Transferring the state over the internet so the next card can take over is sloooow. You’d want cards that can take a lot of layers to minimize that.
In other words, you want few and big gpu’s in the network, not a bunch of small ones.
Yes, for actually dividing models across machines, which was the original idea. I’d shifted to a different (and less technically interesting) question of sharing GPUs without dividing the model.
For dividing training, though, see this paper:
SWARM Parallelism: Training Large Models Can Be Surprisingly Communication-Efficient
I’ve used petals a ton.
Because LLama2-70B is similar or better in most metrics, and it small enough to not need distributed inference.
When they say that you host your part of load to have access to the model. How much is that part (RAM CPU GPU HDD…)
Nice post. This got me thinking…
While many commenters are discussing the computation aspect, which leads to petals and the horde, I am thinking about bit torrent (since you mentioned it).
We do need a hub for torrenting LLMs. HF is amazing for their bandwidth (okay for the UI) - but once that VC money dries up, we’ll be on our own. So, distributing the models - just the data, not the computation - is also important.
Hopefully the community will transition to LoRAs instead of passing barely changed model weights around.

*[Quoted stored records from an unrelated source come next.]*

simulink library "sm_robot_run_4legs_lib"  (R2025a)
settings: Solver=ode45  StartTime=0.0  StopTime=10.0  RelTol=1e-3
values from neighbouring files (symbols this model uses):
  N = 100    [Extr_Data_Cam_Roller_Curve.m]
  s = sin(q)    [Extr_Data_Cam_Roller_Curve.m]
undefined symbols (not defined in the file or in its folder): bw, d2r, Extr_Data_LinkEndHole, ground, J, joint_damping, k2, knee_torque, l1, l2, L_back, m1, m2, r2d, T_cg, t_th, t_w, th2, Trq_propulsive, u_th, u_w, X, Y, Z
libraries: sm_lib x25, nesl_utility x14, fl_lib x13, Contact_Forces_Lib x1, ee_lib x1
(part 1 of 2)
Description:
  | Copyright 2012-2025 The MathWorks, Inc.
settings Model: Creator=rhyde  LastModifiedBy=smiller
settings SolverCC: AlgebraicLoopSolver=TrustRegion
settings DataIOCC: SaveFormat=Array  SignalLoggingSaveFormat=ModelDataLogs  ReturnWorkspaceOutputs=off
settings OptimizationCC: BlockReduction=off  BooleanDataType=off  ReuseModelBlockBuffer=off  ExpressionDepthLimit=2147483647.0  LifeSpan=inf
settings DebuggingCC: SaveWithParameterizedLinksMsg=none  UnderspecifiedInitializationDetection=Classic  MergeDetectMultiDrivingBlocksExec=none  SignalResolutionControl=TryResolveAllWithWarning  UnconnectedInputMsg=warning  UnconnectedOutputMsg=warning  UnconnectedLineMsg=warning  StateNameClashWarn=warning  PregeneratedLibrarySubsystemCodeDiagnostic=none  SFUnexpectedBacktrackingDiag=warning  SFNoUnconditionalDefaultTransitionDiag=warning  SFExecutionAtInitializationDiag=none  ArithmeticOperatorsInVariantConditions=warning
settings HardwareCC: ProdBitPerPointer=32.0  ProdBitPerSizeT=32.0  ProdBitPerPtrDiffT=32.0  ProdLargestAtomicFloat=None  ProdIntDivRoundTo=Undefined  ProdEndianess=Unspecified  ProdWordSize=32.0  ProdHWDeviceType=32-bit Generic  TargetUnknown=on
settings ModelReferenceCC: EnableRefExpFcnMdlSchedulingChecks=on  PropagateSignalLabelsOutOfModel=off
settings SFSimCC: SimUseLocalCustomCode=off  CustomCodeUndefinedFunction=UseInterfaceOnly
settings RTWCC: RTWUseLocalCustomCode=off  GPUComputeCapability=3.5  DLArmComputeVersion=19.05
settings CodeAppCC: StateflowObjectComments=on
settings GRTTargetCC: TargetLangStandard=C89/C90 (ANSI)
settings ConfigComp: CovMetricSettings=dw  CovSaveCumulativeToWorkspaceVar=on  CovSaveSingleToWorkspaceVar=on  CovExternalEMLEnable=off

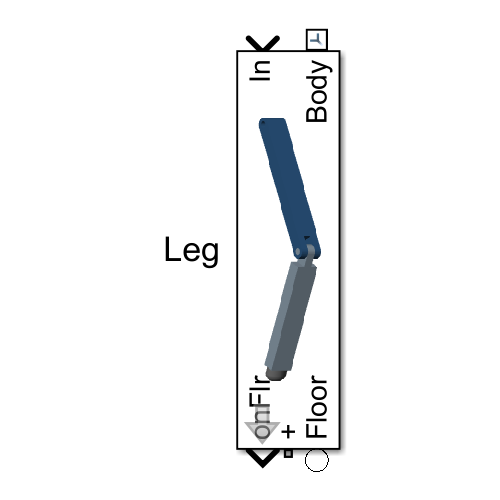
[thumbnail: Simulink's stored preview of the top-level diagram]
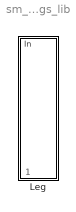
== system sm_robot_run_4legs_lib ==
  Leg : Subsystem  Tag=PublishSubsystemCustomStyle  mask{leg_type=Front Left, leg_width=0.1*l1, th1_0=d2r*u_th(find(t_th > 3*T_cg/4,1)), th2_0=-50*d2r+th2, th1_dot_0=-d2r*u_w(find(t_th > 3*T_cg/4,1)), x0=L_back, popup_contact_model=Planar}
      mask prompts: leg_type "Leg type"; leg_width "Leg width (m)"; th1_0 "Initial hip angle, th1_0"; th2_0 "Initial knee angle, th2_0"; th1_dot_0 "Initial hip angular velocity"; x0 "Current or last ground contact position, x0"; popup_contact_model "Contact Force Model"
      mask init:
      | if (leg_type == 1 || leg_type == 3)
      |     sideSign = -1;
      | else
      |     sideSign = 1;
      | end
      | 
      | if (popup_contact_model==1)
      |     set_param([gcb '/Contact Force Model'],'OverrideUsingVariant','Planar');
      | else
      |     set_param([gcb '/Contact Force Model'],'OverrideUsingVariant','SixDOF');
      | end
      mask TypeOptions leg_type: Front Left | Front Right | Rear Left | Rear Right
      mask TypeOptions popup_contact_model: Planar | Six DOF
      mask Display: image('sm_robot_run_leg_IMAGE.png')

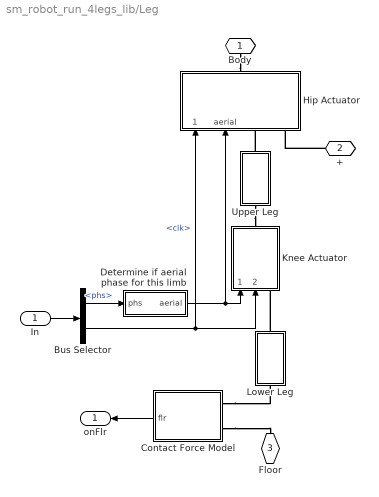
== system sm_robot_run_4legs_lib/Leg ==
  In : Inport
  Bus Selector : BusSelector  OutputSignals=phs,clk
  Contact Force Model : Subsystem  Variant=on  VariantControlMode=label  VariantControl=ThreeDim  LabelModeActiveChoice=Planar
      settings: AttributesFormatString=%<ActiveVariant>
      mask Display: disp(' ');
  Determine if aerial phase for this limb : Subsystem
  Hip Actuator : Subsystem
  Knee Actuator : Subsystem
  Lower Leg : Subsystem
  Upper Leg : Subsystem
  Body : PMIOPort  Side=Left
  + : PMIOPort  Port=2  Side=Right
  Floor : PMIOPort  Tag=PMCPort  Port=3  Side=Right
  onFlr : Outport  VectorParamsAs1DForOutWhenUnconnected=off
  wires:
  Contact Force Model/1("  flr") -> onFlr/1
  Bus Selector/2 -> Knee Actuator/2(t_aerial), Hip Actuator/1(t_aerial)  "<clk>"
  Determine if aerial phase for this limb/1(aerial) -> Knee Actuator/1(aerial), Hip Actuator/2(aerial)
  In/1 -> Bus Selector/1
  Bus Selector/1 -> Determine if aerial phase for this limb/1(phs)  "<phs>"
  connections:
  Body/RConn1 -- Hip Actuator/RConn1
  +/RConn1 -- Hip Actuator/LConn2
  Lower Leg/RConn1 -- Knee Actuator/LConn1
  Contact Force Model/LConn1 -- Lower Leg/LConn1
  Upper Leg/RConn1 -- Hip Actuator/LConn1
  Upper Leg/LConn1 -- Knee Actuator/RConn1
  Contact Force Model/LConn2 -- Floor/RConn1

== system sm_robot_run_4legs_lib/Leg/Contact Force Model ==
  Planar : Subsystem  VariantControl=Planar
  SixDOF : Subsystem  VariantControl=SixDOF
  " F " : PMIOPort  Side=Left
  " W " : PMIOPort  Port=2  Side=Left
  "  flr" : Outport  VectorParamsAs1DForOutWhenUnconnected=off

== system sm_robot_run_4legs_lib/Leg/Determine if aerial phase for this limb ==
  phs : Inport
  Aerial : Switch  Threshold=0.5  SaturateOnIntegerOverflow=off  InputSameDT=off
  "Front left or rear right leg airborne if phase is 1, 2, 3, 6, 7 or 8" : Fcn  Expr=(u(1)==1)+(u(1)==2)+(u(1)==3)+(u(1)==6)+(u(1)==7)+(u(1)==8)
  "Front right or rear left leg airborne if phase is 2, 3, 4, 5, 6 or 7" : Fcn  Expr=(u(1)==2)+(u(1)==3)+(u(1)==4)+(u(1)==5)+(u(1)==6)+(u(1)==7)
  Leg type is front right or rear left : Constant  Value=(leg_type==2)+(leg_type==3)
  aerial : Outport  VectorParamsAs1DForOutWhenUnconnected=off
  wires:
  Leg type is front right or rear left/1 -> Aerial/2
  "Front right or rear left leg airborne if phase is 2, 3, 4, 5, 6 or 7"/1 -> Aerial/1
  phs/1 -> "Front right or rear left leg airborne if phase is 2, 3, 4, 5, 6 or 7"/1, "Front left or rear right leg airborne if phase is 1, 2, 3, 6, 7 or 8"/1
  "Front left or rear right leg airborne if phase is 1, 2, 3, 6, 7 or 8"/1 -> Aerial/3
  Aerial/1 -> aerial/1

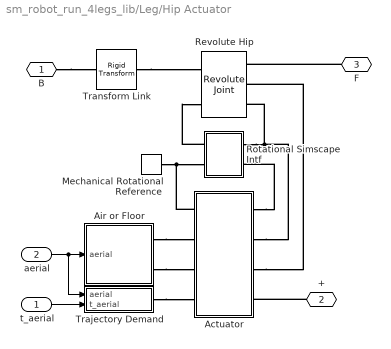
== system sm_robot_run_4legs_lib/Leg/Hip Actuator ==
  t_aerial : Inport
  aerial : Inport  Port=2
  Actuator : Subsystem
  Air or Floor : Subsystem
  Mechanical Rotational Reference : fl_lib/Mechanical/Rotational Elements/Mechanical Rotational Reference
  Revolute Hip : sm_lib/Joints/Revolute Joint  JointMode=Normal  CompositeWrenchDir=FollowerOnBase  CompositeWrenchFrame=BaseFrame  SenseConstraintForce=off  SenseConstraintTorque=off  SenseTotalForce=off  SenseTotalTorque=off  PositionTargetSpecify=on  PositionTargetPriority=High  PositionTargetValue=-th1_0  PositionTargetValueUnits=rad  VelocityTargetSpecify=on  VelocityTargetPriority=High  VelocityTargetValue=th1_dot_0  VelocityTargetValueUnits=rad/s  EquilibriumPosition=0  EquilibriumPositionUnits=deg  SpringStiffness=0  SpringStiffnessUnits=N*m/deg  DampingCoefficient=0  DampingCoefficientUnits=N*m/(deg/s)  LowerLimitSpecify=off  LowerLimitBound=-90  LowerLimitBoundUnits=deg  LowerLimitStiffness=1e4  LowerLimitStiffnessUnits=N*m/deg  LowerLimitDamping=10  LowerLimitDampingUnits=N*m/(deg/s)  LowerLimitTransitionRegionWidth=0.1  LowerLimitTransitionRegionWidthUnits=deg  UpperLimitSpecify=off  UpperLimitBound=90  UpperLimitBoundUnits=deg  UpperLimitStiffness=1e4  UpperLimitStiffnessUnits=N*m/deg  UpperLimitDamping=10  UpperLimitDampingUnits=N*m/(deg/s)  UpperLimitTransitionRegionWidth=0.1  UpperLimitTransitionRegionWidthUnits=deg  TorqueActuationMode=InputTorque  MotionActuationMode=ComputedMotion  SensePosition=on  SenseVelocity=on  SenseAcceleration=off  SenseTorqueForce=off  SenseLowerLimitTorqueForce=off  SenseUpperLimitTorqueForce=off
  Rotational Simscape Intf : Subsystem
  Trajectory Demand : Subsystem
  Transform Link : sm_lib/Frames and Transforms/Rigid Transform  RotationMethod=None  FollAlignAxisA=+X  BaseAlignAxisA=+Y  FollAlignAxisB=+Y  BaseAlignAxisB=+Z  RotationStandardAxis=+Z  RotationAngle=0.0  RotationAngleUnits=deg  RotationArbitraryAxis=[0 0 1]  RotationSequenceAxes=FollowerAxes  RotationSequence=XYX  RotationSequenceAngles=[0 0 0]  RotationSequenceAnglesUnits=deg  RotationMatrix=[1 0 0; 0 1 0; 0 0 1]  Quaternion=[1 0 0 0]  TranslationMethod=StandardAxis  TranslationCartesianOffset=[0 0 0]  TranslationCartesianOffsetUnits=m  TranslationStandardAxis=+Z  TranslationStandardOffset=leg_width*sideSign/2  TranslationStandardOffsetUnits=m  TranslationROffset=0  TranslationROffsetUnits=m  TranslationThetaOffset=0  TranslationThetaOffsetUnits=deg  TranslationZOffset=0  TranslationZOffsetUnits=m
  B : PMIOPort  Side=Left
  + : PMIOPort  Port=2  Side=Left
  F : PMIOPort  Port=3  Side=Right
  wires:
  aerial/1 -> Trajectory Demand/1(aerial), Air or Floor/1(aerial)
  t_aerial/1 -> Trajectory Demand/2(t_aerial)
  connections:
  Trajectory Demand/RConn1 -- Actuator/LConn4
  Mechanical Rotational Reference/LConn1 -- Actuator/LConn1 -- Rotational Simscape Intf/LConn2
  +/RConn1 -- Actuator/RConn4
  Transform Link/RConn1 -- Revolute Hip/LConn1
  F/RConn1 -- Revolute Hip/RConn1
  Actuator/RConn3 -- Revolute Hip/RConn2
  Rotational Simscape Intf/RConn1 -- Actuator/RConn2 -- Revolute Hip/RConn3
  Rotational Simscape Intf/LConn1 -- Revolute Hip/LConn2
  B/RConn1 -- Transform Link/LConn1
  Actuator/RConn1 -- Rotational Simscape Intf/RConn2
  Air or Floor/RConn2 -- Actuator/LConn3
  Air or Floor/RConn1 -- Actuator/LConn2

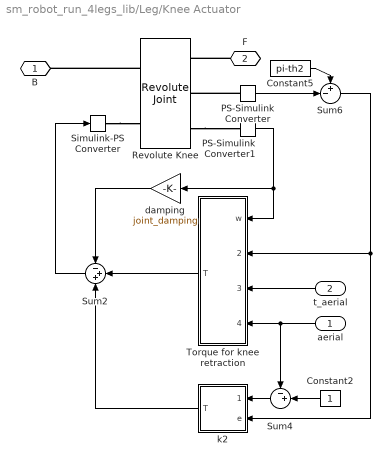
== system sm_robot_run_4legs_lib/Leg/Knee Actuator ==
  aerial : Inport
  t_aerial : Inport  Port=2
  Constant2 : Constant
  Constant5 : Constant  Value=pi-th2
  PS-Simulink Converter : nesl_utility/PS-Simulink Converter  PhysicalDomain=network_engine_domain  SubClassName=ps_output  LeftPortType=input  RightPortType=output  PseudoPeriodic=off  Frequencies=[]  VectorFormat=1-D array  Unit=rad  AffineConversion=off
  PS-Simulink Converter1 : nesl_utility/PS-Simulink Converter  PhysicalDomain=network_engine_domain  SubClassName=ps_output  LeftPortType=input  RightPortType=output  PseudoPeriodic=off  Frequencies=[]  VectorFormat=1-D array  Unit=rad/s  AffineConversion=off
  Revolute Knee : sm_lib/Joints/Revolute Joint  JointMode=Normal  CompositeWrenchDir=FollowerOnBase  CompositeWrenchFrame=BaseFrame  SenseConstraintForce=off  SenseConstraintTorque=off  SenseTotalForce=off  SenseTotalTorque=off  PositionTargetSpecify=on  PositionTargetPriority=High  PositionTargetValue=-th2_0+pi  PositionTargetValueUnits=rad  VelocityTargetSpecify=on  VelocityTargetPriority=High  VelocityTargetValue=0  VelocityTargetValueUnits=rad/s  EquilibriumPosition=0  EquilibriumPositionUnits=deg  SpringStiffness=0  SpringStiffnessUnits=N*m/deg  DampingCoefficient=0  DampingCoefficientUnits=N*m/(deg/s)  LowerLimitSpecify=off  LowerLimitBound=-90  LowerLimitBoundUnits=deg  LowerLimitStiffness=1e4  LowerLimitStiffnessUnits=N*m/deg  LowerLimitDamping=10  LowerLimitDampingUnits=N*m/(deg/s)  LowerLimitTransitionRegionWidth=0.1  LowerLimitTransitionRegionWidthUnits=deg  UpperLimitSpecify=off  UpperLimitBound=90  UpperLimitBoundUnits=deg  UpperLimitStiffness=1e4  UpperLimitStiffnessUnits=N*m/deg  UpperLimitDamping=10  UpperLimitDampingUnits=N*m/(deg/s)  UpperLimitTransitionRegionWidth=0.1  UpperLimitTransitionRegionWidthUnits=deg  TorqueActuationMode=InputTorque  MotionActuationMode=ComputedMotion  SensePosition=on  SenseVelocity=on  SenseAcceleration=off  SenseTorqueForce=off  SenseLowerLimitTorqueForce=off  SenseUpperLimitTorqueForce=off
  Simulink-PS Converter : nesl_utility/Simulink-PS Converter  PhysicalDomain=network_engine_domain  SubClassName=ps_input  LeftPortType=input  RightPortType=output  PseudoPeriodic=off  Frequencies=[]  NoiseDistribution=none  NoiseParameters=[]  Unit=1  AffineConversion=off  FilteringAndDerivatives=provide  SimscapeFilterOrder=1  InputFilterTimeConstant=0.005  UdotUserProvided=0
  Sum2 : Sum  Inputs=-++  InputSameDT=on  SaturateOnIntegerOverflow=on  OutDataTypeStr=Inherit: Same as first input
  Sum4 : Sum  Inputs=-+|  InputSameDT=on  SaturateOnIntegerOverflow=on  OutDataTypeStr=Inherit: Same as first input
  Sum6 : Sum  Inputs=+-|  InputSameDT=on  SaturateOnIntegerOverflow=on  OutDataTypeStr=Inherit: Same as first input
  Torque for knee retraction : Subsystem
  damping : Gain  Gain=joint_damping  SaturateOnIntegerOverflow=on  OutDataTypeStr=Inherit: Same as input  ParamDataTypeStr=Inherit: Same as input
  k2 : Subsystem
  B : PMIOPort  Side=Left
  F : PMIOPort  Port=2  Side=Right
  wires:
  Torque for knee retraction/1(T) -> Sum2/2
  k2/1(T) -> Sum2/3
  Constant2/1 -> Sum4/2
  Sum4/1 -> k2/1(Enable)
  aerial/1 -> Sum4/1, Torque for knee retraction/4(Enable)
  Sum6/1 -> k2/2(e), Torque for knee retraction/2(angle)
  damping/1 -> Sum2/1
  PS-Simulink Converter1/1 -> Torque for knee retraction/1(w), damping/1
  Sum2/1 -> Simulink-PS Converter/1
  t_aerial/1 -> Torque for knee retraction/3(t_aerial)
  PS-Simulink Converter/1 -> Sum6/2
  Constant5/1 -> Sum6/1
  connections:
  F/RConn1 -- Revolute Knee/RConn1
  PS-Simulink Converter/LConn1 -- Revolute Knee/RConn2
  Revolute Knee/RConn3 -- PS-Simulink Converter1/LConn1
  Simulink-PS Converter/RConn1 -- Revolute Knee/LConn2
  Revolute Knee/LConn1 -- B/RConn1

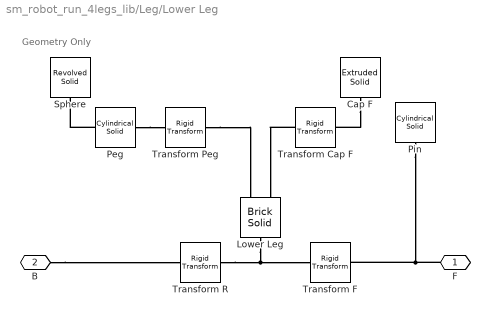
== system sm_robot_run_4legs_lib/Leg/Lower Leg ==
  note: Geometry Only
  Cap F : sm_lib/Body Elements/Extruded Solid  ExtrusionType=General  PolygonNumSides=3  PolygonOuterRadius=1  PolygonOuterRadiusUnits=m  ExportEntireGeometry=off  ExtrusionCrossSection=Extr_Data_LinkEndHole(l2*0.1,l1*0.025,0.05*l2)  ExtrusionCrossSectionUnits=m  ExportConvexHullGeometry=off  ExtrusionLength=l2*0.1/3  ExtrusionLengthUnits=m  InertiaType=CalculateFromGeometry  BasedOnType=Density  Density=0  DensityUnits=kg/m^3  Mass=1  MassUnits=kg  CenterOfMass=[0 0 0]  CenterOfMassUnits=m  MomentsOfInertia=[1 1 1]  MomentsOfInertiaUnits=kg*m^2  ProductsOfInertia=[1 1 1]  ProductsOfInertiaUnits=kg*m^2  GraphicType=FromGeometry  MarkerShape=Sphere  MarkerSize=10  GraphicVisPropType=SimpleVisualProperties  GraphicDiffuseColor=[164 184 200]/255  GraphicOpacity=1.0  GraphicSpecularColor=[0.5 0.5 0.5 1.0]  GraphicAmbientColor=[0.15 0.15 0.15 1.0]  GraphicEmissiveColor=[0.0 0.0 0.0 1.0]  GraphicShininess=75  DoExposeReferenceFrame=on  SerializedFrames=<Frames/>
  Lower Leg : sm_lib/Body Elements/Brick Solid  BrickDimensions=[0.1 0.8 0.1]*l2  BrickDimensionsUnits=m  ExportEntireGeometry=off  InertiaType=Custom  BasedOnType=Density  Density=1000  DensityUnits=kg/m^3  Mass=m2*l2  MassUnits=kg  CenterOfMass=[0 0 0]  CenterOfMassUnits=m  MomentsOfInertia=[1 1 1]*(1/12)*m2*l2*l2^2  MomentsOfInertiaUnits=kg*m^2  ProductsOfInertia=[1 1 1]*0  ProductsOfInertiaUnits=kg*m^2  GraphicType=FromGeometry  MarkerShape=Sphere  MarkerSize=10  GraphicVisPropType=SimpleVisualProperties  GraphicDiffuseColor=[164 184 200]/255  GraphicOpacity=1.0  GraphicSpecularColor=[0.5 0.5 0.5 1.0]  GraphicAmbientColor=[0.15 0.15 0.15 1.0]  GraphicEmissiveColor=[0.0 0.0 0.0 1.0]  GraphicShininess=75  DoExposeReferenceFrame=on  SerializedFrames=<Frames><Frame><Id>Frame1</Id><Value><Name>B</Name><Origin><Source>GeometricFeature</Source><FeatureName>-y surface</FeatureName></Origin><PrimaryAxis><DefinedDirection>+Z</DefinedDirection><Source>ReferenceFrame</Source><SourceDirection>+Z</SourceDirection><FeatureName></FeatureName></PrimaryAxis><SecondaryAxis><DefinedDirection>+X</DefinedDirection><Source>ReferenceFrame</Source><SourceDirection>+X</SourceDirection><FeatureName></FeatureName></SecondaryAxis></Value></Frame><Frame><Id>Frame2</Id><Value><Name>F</Name><Origin><Source>GeometricFeature</Source><FeatureName>+y surface</FeatureName></Origin><PrimaryAxis><DefinedDirection>+Z</DefinedDirection><Source>ReferenceFrame</Source><SourceDirection>+Z</SourceDirection><FeatureName></FeatureName></PrimaryAxis><SecondaryAxis><DefinedDirection>+X</DefinedDirection><Source>ReferenceFrame</Source><SourceDirection>+X</SourceDirection><FeatureName></FeatureName></SecondaryAxis></Value></Frame></Frames>
  Peg : sm_lib/Body Elements/Cylindrical Solid  CylinderRadius=0.05*l1  CylinderRadiusUnits=m  CylinderLength=0.05*l2  CylinderLengthUnits=m  ExportEntireGeometry=off  InertiaType=CalculateFromGeometry  BasedOnType=Density  Density=0  DensityUnits=kg/m^3  Mass=1  MassUnits=kg  CenterOfMass=[0 0 0]  CenterOfMassUnits=m  MomentsOfInertia=[1 1 1]  MomentsOfInertiaUnits=kg*m^2  ProductsOfInertia=[1 1 1]  ProductsOfInertiaUnits=kg*m^2  GraphicType=FromGeometry  MarkerShape=Sphere  MarkerSize=10  GraphicVisPropType=SimpleVisualProperties  GraphicDiffuseColor=[0.5 0.5 0.5]  GraphicOpacity=1.0  GraphicSpecularColor=[0.5 0.5 0.5 1.0]  GraphicAmbientColor=[0.15 0.15 0.15 1.0]  GraphicEmissiveColor=[0.0 0.0 0.0 1.0]  GraphicShininess=75  DoExposeReferenceFrame=off  SerializedFrames=<Frames><Frame><Id>Frame1</Id><Value><Name>B</Name><Origin><Source>GeometricFeature</Source><FeatureName>bottom surface</FeatureName></Origin><PrimaryAxis><DefinedDirection>+Z</DefinedDirection><Source>ReferenceFrame</Source><SourceDirection>+Z</SourceDirection><FeatureName></FeatureName></PrimaryAxis><SecondaryAxis><DefinedDirection>+X</DefinedDirection><Source>ReferenceFrame</Source><SourceDirection>+X</SourceDirection><FeatureName></FeatureName></SecondaryAxis></Value></Frame><Frame><Id>Frame2</Id><Value><Name>F</Name><Origin><Source>GeometricFeature</Source><FeatureName>top surface</FeatureName></Origin><PrimaryAxis><DefinedDirection>+Z</DefinedDirection><Source>ReferenceFrame</Source><SourceDirection>+Z</SourceDirection><FeatureName></FeatureName></PrimaryAxis><SecondaryAxis><DefinedDirection>+X</DefinedDirection><Source>ReferenceFrame</Source><SourceDirection>+X</SourceDirection><FeatureName></FeatureName></SecondaryAxis></Value></Frame></Frames>
  Pin : sm_lib/Body Elements/Cylindrical Solid  CylinderRadius=0.025*l1  CylinderRadiusUnits=m  CylinderLength=0.1*l2  CylinderLengthUnits=m  ExportEntireGeometry=off  InertiaType=CalculateFromGeometry  BasedOnType=Density  Density=0  DensityUnits=kg/m^3  Mass=1  MassUnits=kg  CenterOfMass=[0 0 0]  CenterOfMassUnits=m  MomentsOfInertia=[1 1 1]  MomentsOfInertiaUnits=kg*m^2  ProductsOfInertia=[1 1 1]  ProductsOfInertiaUnits=kg*m^2  GraphicType=FromGeometry  MarkerShape=Sphere  MarkerSize=10  GraphicVisPropType=SimpleVisualProperties  GraphicDiffuseColor=[164 184 200]/255  GraphicOpacity=1.0  GraphicSpecularColor=[0.5 0.5 0.5 1.0]  GraphicAmbientColor=[0.15 0.15 0.15 1.0]  GraphicEmissiveColor=[0.0 0.0 0.0 1.0]  GraphicShininess=75  DoExposeReferenceFrame=on  SerializedFrames=<Frames/>
  Sphere : sm_lib/Body Elements/Revolved Solid  RevolutionCrossSection=[sind(90:-1:0)' cosd(90:-1:0)']*l2*0.1/2  RevolutionCrossSectionUnits=m  RevolutionExtent=Full  RevolutionAngle=180  RevolutionAngleUnits=deg  ExportConvexHullGeometry=off  InertiaType=CalculateFromGeometry  BasedOnType=Density  Density=0  DensityUnits=kg/m^3  Mass=1  MassUnits=kg  CenterOfMass=[0 0 0]  CenterOfMassUnits=m  MomentsOfInertia=[1 1 1]  MomentsOfInertiaUnits=kg*m^2  ProductsOfInertia=[1 1 1]  ProductsOfInertiaUnits=kg*m^2  GraphicType=FromGeometry  MarkerShape=Sphere  MarkerSize=10  GraphicVisPropType=SimpleVisualProperties  GraphicDiffuseColor=[0.5 0.5 0.5]  GraphicOpacity=1.0  GraphicSpecularColor=[0.5 0.5 0.5 1.0]  GraphicAmbientColor=[0.15 0.15 0.15 1.0]  GraphicEmissiveColor=[0.0 0.0 0.0 1.0]  GraphicShininess=75  DoExposeReferenceFrame=on  SerializedFrames=<Frames/>
  Transform Cap F : sm_lib/Frames and Transforms/Rigid Transform  RotationMethod=StandardAxis  FollAlignAxisA=+X  BaseAlignAxisA=+Y  FollAlignAxisB=+Y  BaseAlignAxisB=+Z  RotationStandardAxis=+Z  RotationAngle=90  RotationAngleUnits=deg  RotationArbitraryAxis=[0 0 1]  RotationSequenceAxes=FollowerAxes  RotationSequence=XYX  RotationSequenceAngles=[0 0 0]  RotationSequenceAnglesUnits=deg  RotationMatrix=[1 0 0; 0 1 0; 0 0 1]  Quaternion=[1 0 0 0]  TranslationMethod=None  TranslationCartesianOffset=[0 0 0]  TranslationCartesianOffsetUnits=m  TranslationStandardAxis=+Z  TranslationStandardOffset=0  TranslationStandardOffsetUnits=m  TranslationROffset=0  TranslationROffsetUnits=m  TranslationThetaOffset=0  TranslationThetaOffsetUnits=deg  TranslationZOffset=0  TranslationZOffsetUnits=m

You guys are all talking about inference but how about using distributed computing strictly for training. That alone would save developers some serious moolah assuming somebody is able to solve all the technical problems like security & privacy.
That’s how pretraining is already done. You would have the same issue, orders of magnitude greater latency. Given the number of calculations per training epoch, you don’t want to be bound by the slowest worker in the cluster. OpenAI etc. use 40Gbps (or 100Gbps nowadays) backplanes between A100/H100 GPU servers. Sending data over the Internet to an Nvidia 1080 is simply just slow.
Simple answer is that you can’t parallelize LLM work.
It generate answers word-by-word, (or token-by-token to be more precise) so it’s impossible to split task into 10-100-1000 different pieces that you could send into this distributed network.Each word in the LLM answer also serve as part of input to calculate next one, so LLMs are actually counter-distributed systems.
You’d better tell the GPU manufacturers that LLM workloads can’t be parallelized.
The point of Transformers is that the matrix operations can be parallelized, unlike in standard RNNs.
The issue with distributing those parallel operations is that for every partition of the workload, you introduce latency.
If you offload a layer at a time, then you are introducing both the latency of the slowest worker and the network latency, plus the latency of combining results back into one set.
If you’re partitioning at finer grain, eg parts of a layer, then you add even more latency.
Latency can go from 1ms per layer in a monolithic LLM to >1s. That means response times measured in multiple minutes.
It does exist, but really only works when you have very high speed, low latency connections between the machine. Like infiniteband.
I mean, they get distributed over multiple GPU cores… what’s it matter if they’re local or not?